I'm trying to learn how full disk encryption using Filevault 2 will impact SSD garbage collection. My understanding is that garbage collection involves moving pages in blocks with free space to empty locations on the drive. However, if Filevault 2 encrypts the entire drive, will the SSD recognize free space as free? And if not, won't that dramatically increase write amplification and decrease the life of the SSD?

I've found a lot of posts on FileVault 2 and TRIM (consensus is it works) and FileVault 2 and SSD performance (consensus is so long as your SSD doesn't have a Sandforce controller - which uses compression - the performance impact is minor), but I'm having less luck learning about how FileVault 2 and garbage collection.


First off, SSD garbage collection and Trim are very different animals. Garbage collection is based on moving existing data, deleting stale data and creating empty blocks in which to write new data. The drive's understanding of the data is nothing more or less than data is there or it isn't. There is no concept of a file system in an SSD's controller. All writes are done at the block level rather than the page level and a block must be erased before it can be written. A drive's garbage collector knows nothing whatsoever about FileVault.

In basic garbage collection without Trim, when the OS deletes the file, it doesn't actually say anything to the controller about the data being stale and available for deletion. The OS merely tracks the address space. The drive will understand that the data is stale in that address if/as/when the OS gives the drive a write command for that address.

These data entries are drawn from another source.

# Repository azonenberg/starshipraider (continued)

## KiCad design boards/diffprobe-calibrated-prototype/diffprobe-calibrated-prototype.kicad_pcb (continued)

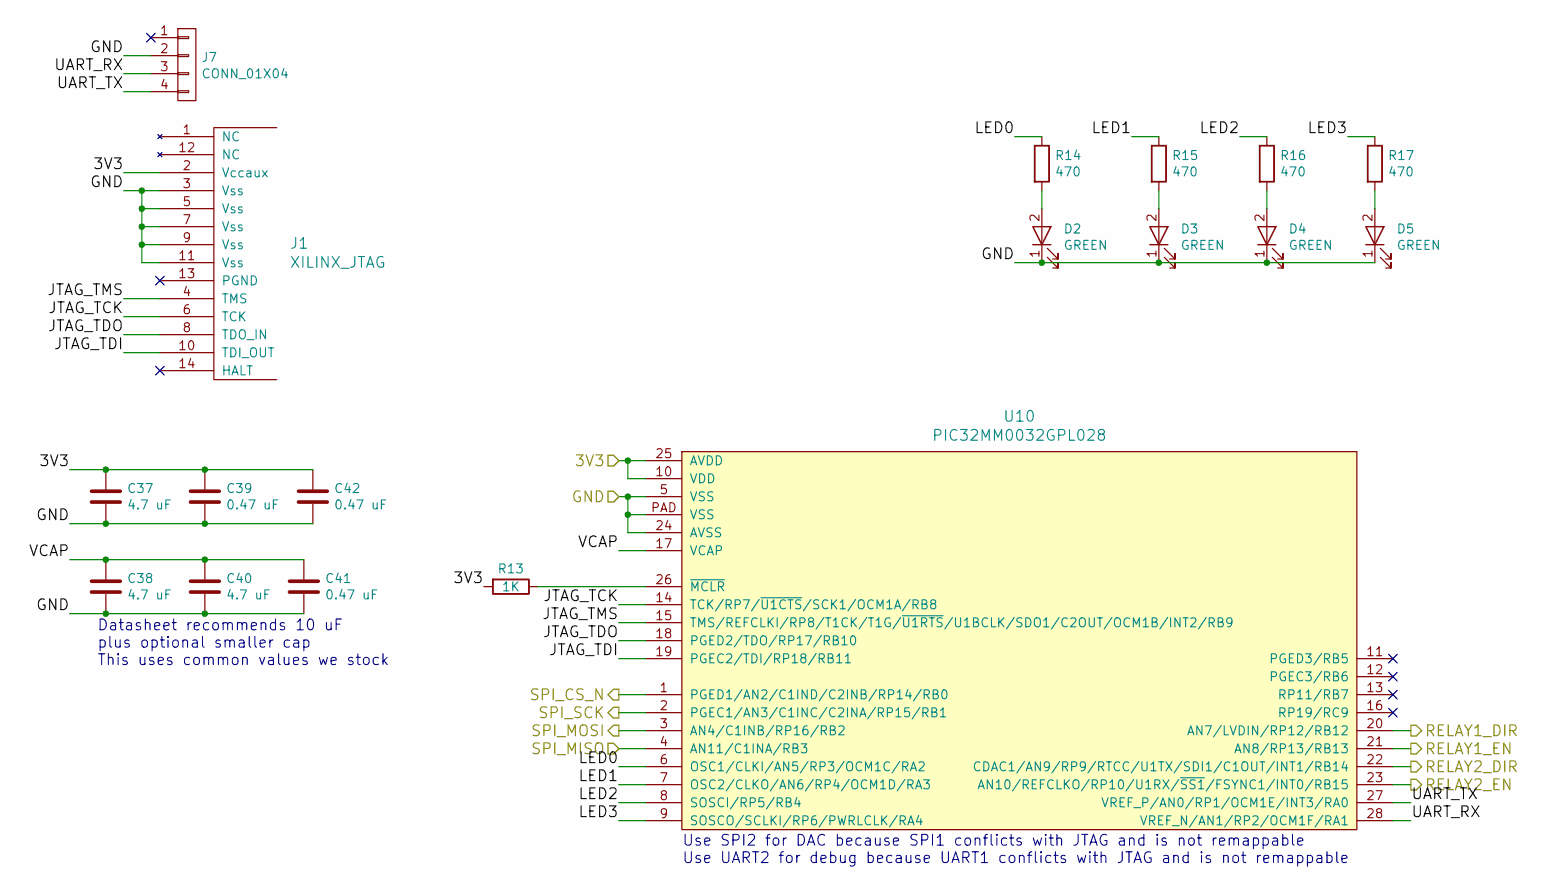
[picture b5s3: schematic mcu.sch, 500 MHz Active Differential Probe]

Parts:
C37, C38, C40: 4.7 uF; EIA_0603_CAP_NOSILK
C39, C41, C42: 0.47 uF; EIA_0402_CAP_NOSILK
D2, D3, D4, D5: GREEN; EIA_0603_LED
J1: XILINX_JTAG; XILINX_JTAG_PTH_MOLEX_0878311420
J7: CONN_01X04; CONN_HEADER_2.54MM_1x4
R13: 1K; EIA_0402_RES_NOSILK
R14, R15, R16, R17: 470; EIA_0402_RES_NOSILK
U10: PIC32MM0032GPL028; QFN_28_0.65MM_6x6MM

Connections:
/3V3: C37.1, C39.1, C42.1, J1.2 (Vccaux), R13.2, U10.10 (VDD), U10.25 (AVDD); also elsewhere on the board
/GND: C37.2, C38.2, C39.2, C40.2, C41.2, C42.2, D2.1 (K), D3.1 (K), D4.1 (K), D5.1 (K), J1.3 (Vss), J1.5 (Vss), J1.7 (Vss), J1.9 (Vss), J1.11 (Vss), J7.2, U10.5 (VSS), U10.24 (AVSS), U10.PAD (VSS); also elsewhere on the board
/Microcontroller/JTAG_TCK: J1.6 (TCK), U10.14 (TCK/RP7/~U1CTS~/SCK1/OCM1A/RB8)
/Microcontroller/JTAG_TDI: J1.10 (TDI_OUT), U10.19 (PGEC2/TDI/RP18/RB11)
/Microcontroller/JTAG_TDO: J1.8 (TDO_IN), U10.18 (PGED2/TDO/RP17/RB10)
/Microcontroller/JTAG_TMS: J1.4 (TMS), U10.15 (TMS/REFCLKI/RP8/T1CK/T1G/~U1RTS~/U1BCLK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)
/Microcontroller/LED0: R14.1, U10.6 (OSC1/CLKI/AN5/RP3/OCM1C/RA2)
/Microcontroller/LED1: R15.1, U10.7 (OSC2/CLKO/AN6/RP4/OCM1D/RA3)
/Microcontroller/LED2: R16.1, U10.8 (SOSCI/RP5/RB4)
/Microcontroller/LED3: R17.1, U10.9 (SOSCO/SCLKI/RP6/PWRLCLK/RA4)
/Microcontroller/RELAY1_DIR: U10.20 (AN7/LVDIN/RP12/RB12); also elsewhere on the board
/Microcontroller/RELAY1_EN: U10.21 (AN8/RP13/RB13); also elsewhere on the board
/Microcontroller/RELAY2_DIR: U10.22 (CDAC1/AN9/RP9/RTCC/U1TX/SDI1/C1OUT/INT1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); also elsewhere on the board
/Microcontroller/RELAY2_EN: U10.23 (AN10/REFCLKO/RP10/U1RX/~SS1~/FSYNC1/INT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); also elsewhere on the board
/Microcontroller/SPI_CS_N: U10.1 (PGED1/AN2/C1IND/C2INB/RP14/RB0); also elsewhere on the board
/Microcontroller/SPI_MISO: U10.4 (AN11/C1INA/RB3); also elsewhere on the board
/Microcontroller/SPI_MOSI: U10.3 (AN4/C1INB/RP16/RB2); also elsewhere on the board
/Microcontroller/SPI_SCK: U10.2 (PGEC1/AN3/C1INC/C2INA/RP15/RB1); also elsewhere on the board
/Microcontroller/UART_RX: J7.3, U10.28 (VREF_N/AN1/RP2/OCM1F/RA1)
/Microcontroller/UART_TX: J7.4, U10.27 (VREF_P/AN0/RP1/OCM1E/INT3/RA0)
/Microcontroller/VCAP: C38.1, C40.1, C41.1, U10.17 (VCAP)
unnamed: D2.2 (A), R14.2
unnamed: D3.2 (A), R15.2
unnamed: D4.2 (A), R16.2
unnamed: D5.2 (A), R17.2
unnamed: R13.1, U10.26 (~MCLR)

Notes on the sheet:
Use SPI2 for DAC because SPI1 conflicts with JTAG and is not remappable Use UART2 for debug because UART1 conflicts with JTAG and is not remappable
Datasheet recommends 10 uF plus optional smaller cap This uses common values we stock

So, where Trim comes in is that when a file is deleted at the OS level, the controller on the drive is immediately given the information that the data at that particular address is stale. That enables the drive to handle its housekeeping as soon as convenient upon deletion. And that reduces write amplification.

The improvement of Trim on SSD performance is true even with SandForce. See:


The diagram clearly indicates that there is increased free space for garbage collection with Trim enabled even when using DuraWrite technology.

That out of the way, on to the meat of your question about FileVault 2: Because garbage collection occurs in the SSD without any knowledge of file systems, there is no difference to the SSD whether FV has been enabled or not. To the SSD, there is either valid data, stale data or no data at a particular address.

While whole-disk encryption gives the impression that the data is locked inside a suitcase. That isn't the case. FV2 is scrambling the bits being stored in the pages and blocks. The file allocation and structure of the file system itself remains the same whether FV2 is used or not. And this helps explain why a user can continue to use their system even when a disk is being encrypted or decrypted.

So, in summary, Trim is an enhancement to garbage collection and should be enabled regardless of the controller in use. FileVault 2 will not cause problems for SSDs and users can expect normal write amplification, performance degradation, etc. over time for FV2-encrypted SSDs versus non-encrypted SSDs of the same make on the same system with equivalent use. FV2 volumes will benefit from the use of Trim just as much as non-FV2 volumes.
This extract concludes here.